Switch to a 100 % MySQL‑compatible database to avoid code changes while improving performance.

Open‑Source Options

TiDB – https://github.com/pingcap/tidb

CUBRID – https://www.cubrid.org/

Open‑source solutions may incur higher operational costs and may lack enterprise‑grade stability.

Cloud Options

Alibaba Cloud POLARDB – high performance, MySQL compatible, up to 100 TB storage, up to 6× MySQL speed, cost ~1/10 of commercial databases.

Alibaba Cloud OceanBase – supports both OLTP and OLAP (HTAP) workloads.

Tencent Cloud DCDB – MySQL‑compatible, automatic horizontal sharding, suitable for TB–PB scale.

POLARDB offers free MySQL data migration with ~10× performance boost at comparable price to RDS.

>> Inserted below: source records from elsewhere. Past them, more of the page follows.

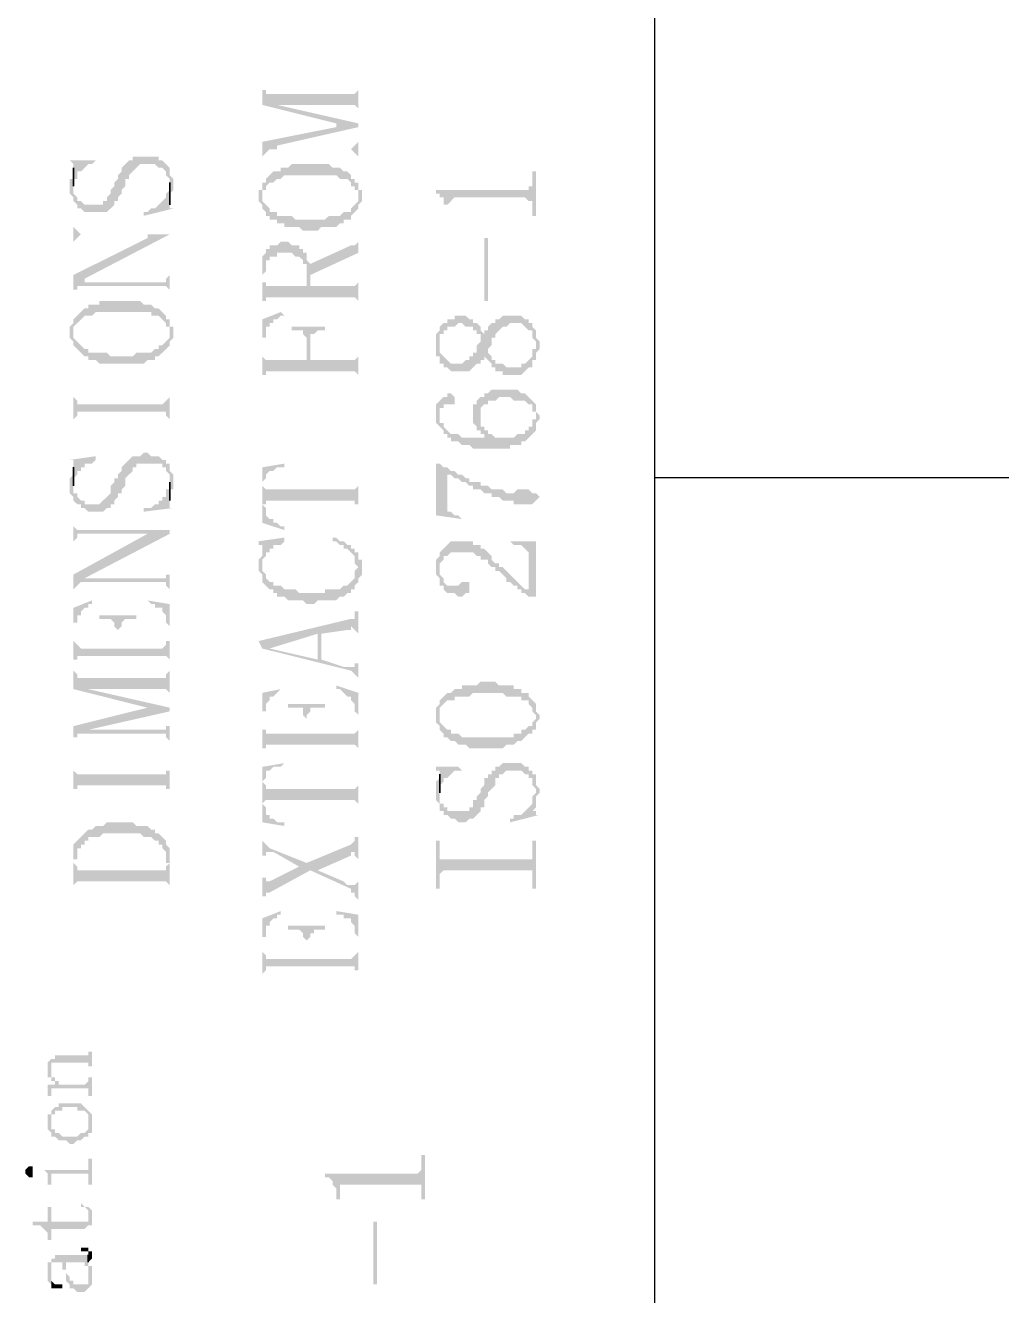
# Model space of a CAD drawing. Header units: inches. Extents: x 3613 to 8393, y -2205 to -794.
# Drawn here: x 3625.07 to 3636.98, y -1664.31 to -1648.8 of the extents above; entities that cross this region are included whole.
import ezdxf

# ---------------------------------------------------------------- set-up
doc = ezdxf.new("R2010")
doc.units = ezdxf.units.IN
doc.header["$MEASUREMENT"] = 0

msp = doc.modelspace()

# ---------------------------------------------------------------- hatches: boundary and pattern name
at = {"transparency": 33554559}
for points in [[(3627.961, -1649.547), (3627.961, -1649.773), (3628.864, -1649.999), (3628.864, -1650.044), (3629.135, -1650.044), (3629.135, -1649.999), (3628.142, -1649.773), (3628.142, -1649.773), (3628.051, -1649.638), (3628.006, -1649.638), (3628.006, -1649.593), (3627.961, -1649.593)], [(3628.051, -1649.638), (3628.142, -1649.773), (3629.089, -1649.773), (3629.135, -1649.818), (3629.135, -1649.863), (3629.135, -1649.547), (3629.135, -1649.593), (3629.135, -1649.593), (3629.089, -1649.638), (3629.044, -1649.638)], [(3627.961, -1650.224), (3627.961, -1650.405), (3627.961, -1650.405), (3628.006, -1650.36), (3628.006, -1650.36), (3628.051, -1650.315), (3628.142, -1650.27), (3629.135, -1650.044), (3628.864, -1650.044)], [(3628.051, -1650.315), (3629.044, -1650.315), (3629.089, -1650.36), (3629.089, -1650.36), (3629.135, -1650.405), (3629.135, -1650.224), (3629.135, -1650.224), (3629.089, -1650.27), (3629.089, -1650.27), (3629.044, -1650.315), (3628.142, -1650.315), (3628.142, -1650.27)], [(3625.614, -1650.766), (3625.614, -1650.856), (3625.614, -1650.856), (3625.659, -1650.901), (3625.659, -1650.947), (3625.659, -1650.947), (3625.705, -1650.992), (3625.705, -1651.037), (3625.75, -1651.037), (3625.795, -1651.082), (3626.066, -1651.082), (3626.111, -1651.037), (3626.111, -1651.037), (3626.156, -1650.992), (3626.156, -1650.947), (3626.201, -1650.947), (3626.201, -1650.901), (3626.246, -1650.856), (3626.246, -1650.811), (3626.291, -1650.766), (3626.291, -1650.676), (3626.336, -1650.676), (3626.336, -1650.631), (3626.382, -1650.585), (3626.382, -1650.585), (3626.427, -1650.54), (3626.427, -1650.54), (3626.472, -1650.495), (3626.652, -1650.495), (3626.697, -1650.54), (3626.743, -1650.54), (3626.788, -1650.585), (3626.788, -1650.631), (3626.833, -1650.676), (3626.833, -1650.901), (3626.833, -1650.856), (3626.833, -1650.856), (3626.878, -1650.811), (3626.878, -1650.721), (3626.878, -1650.676), (3626.878, -1650.676), (3626.833, -1650.631), (3626.833, -1650.54), (3626.833, -1650.54), (3626.788, -1650.495), (3626.788, -1650.495), (3626.743, -1650.45), (3626.697, -1650.45), (3626.697, -1650.405), (3626.382, -1650.405), (3626.382, -1650.45), (3626.336, -1650.45), (3626.291, -1650.495), (3626.291, -1650.495), (3626.246, -1650.54), (3626.246, -1650.585), (3626.246, -1650.585), (3626.201, -1650.631), (3626.201, -1650.676), (3626.156, -1650.721), (3626.156, -1650.766), (3626.111, -1650.811), (3626.111, -1650.856), (3626.111, -1650.856), (3626.066, -1650.901), (3626.066, -1650.947), (3626.02, -1650.947), (3626.02, -1650.992), (3625.795, -1650.992), (3625.75, -1650.947), (3625.705, -1650.947), (3625.705, -1650.901), (3625.705, -1650.901), (3625.659, -1650.856), (3625.659, -1650.585), (3625.659, -1650.676), (3625.614, -1650.676), (3625.614, -1650.721)], [(3625.614, -1650.45), (3625.659, -1650.495), (3625.659, -1650.676), (3625.705, -1650.676), (3625.705, -1650.585), (3625.75, -1650.585), (3625.795, -1650.54), (3625.795, -1650.54), (3625.84, -1650.495), (3625.885, -1650.495), (3625.93, -1650.45), (3625.93, -1650.45)], [(3627.961, -1650.721), (3627.961, -1650.901), (3627.961, -1650.811), (3628.006, -1650.811), (3628.006, -1650.766), (3628.051, -1650.721), (3628.097, -1650.721), (3628.142, -1650.676), (3628.187, -1650.676), (3628.232, -1650.631), (3628.864, -1650.631), (3628.909, -1650.676), (3628.999, -1650.676), (3629.044, -1650.721), (3629.044, -1650.766), (3629.089, -1650.766), (3629.089, -1650.811), (3629.135, -1650.811), (3629.135, -1650.901), (3629.135, -1650.721), (3629.089, -1650.721), (3629.089, -1650.676), (3629.044, -1650.676), (3629.044, -1650.631), (3628.999, -1650.585), (3628.954, -1650.585), (3628.909, -1650.54), (3628.819, -1650.54), (3628.774, -1650.495), (3628.322, -1650.495), (3628.277, -1650.54), (3628.187, -1650.54), (3628.187, -1650.585), (3628.097, -1650.585), (3628.051, -1650.631), (3628.051, -1650.631), (3628.006, -1650.676), (3628.006, -1650.721)], [(3630.082, -1650.811), (3630.082, -1650.856), (3630.127, -1650.856), (3630.127, -1650.901), (3630.173, -1650.901), (3630.173, -1650.992), (3630.218, -1650.992), (3630.218, -1651.127), (3630.218, -1650.992), (3630.263, -1650.947), (3630.263, -1650.947), (3630.308, -1650.901), (3631.166, -1650.901), (3631.211, -1650.947), (3631.256, -1650.947), (3631.256, -1650.992), (3631.256, -1651.127), (3631.301, -1651.127), (3631.301, -1650.585), (3631.256, -1650.585), (3631.256, -1650.721), (3631.256, -1650.766), (3631.211, -1650.766), (3631.211, -1650.811), (3631.166, -1650.811)], [(3627.916, -1650.901), (3627.916, -1650.947), (3627.916, -1650.947), (3627.961, -1650.992), (3627.961, -1651.037), (3627.961, -1651.037), (3628.006, -1651.082), (3628.006, -1651.127), (3628.051, -1651.127), (3628.051, -1651.172), (3628.142, -1651.172), (3628.142, -1651.217), (3628.232, -1651.217), (3628.232, -1651.262), (3628.412, -1651.262), (3628.458, -1651.308), (3628.638, -1651.308), (3628.683, -1651.262), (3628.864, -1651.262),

Detailed Explanation of Solution 3: Adopt Big‑Data Technologies

When data exceeds billions of rows, consider big‑data platforms.

Open‑Source Stack

Hadoop ecosystem (HBase, Hive) provides OLAP/OLTP capabilities but requires substantial investment (≈¥100k) for operations.

Cloud Stack

Alibaba Cloud MaxCompute + DataWorks offers a serverless, pay‑as‑you‑go big‑data solution with low cost (≈¥100) for processing hundreds of millions of rows using SQL, MapReduce, or Python scripts.

Other cloud options include Alibaba Cloud HBase, but MaxCompute was chosen for its ease of use.

Conclusion

For tables under a billion rows, optimizing the existing MySQL instance (design, indexing, partitioning) is usually sufficient. For larger scales, migrating to a high‑performance compatible cloud database or a big‑data platform provides the necessary scalability.

Original developer has left; some recommendations cannot be applied directly.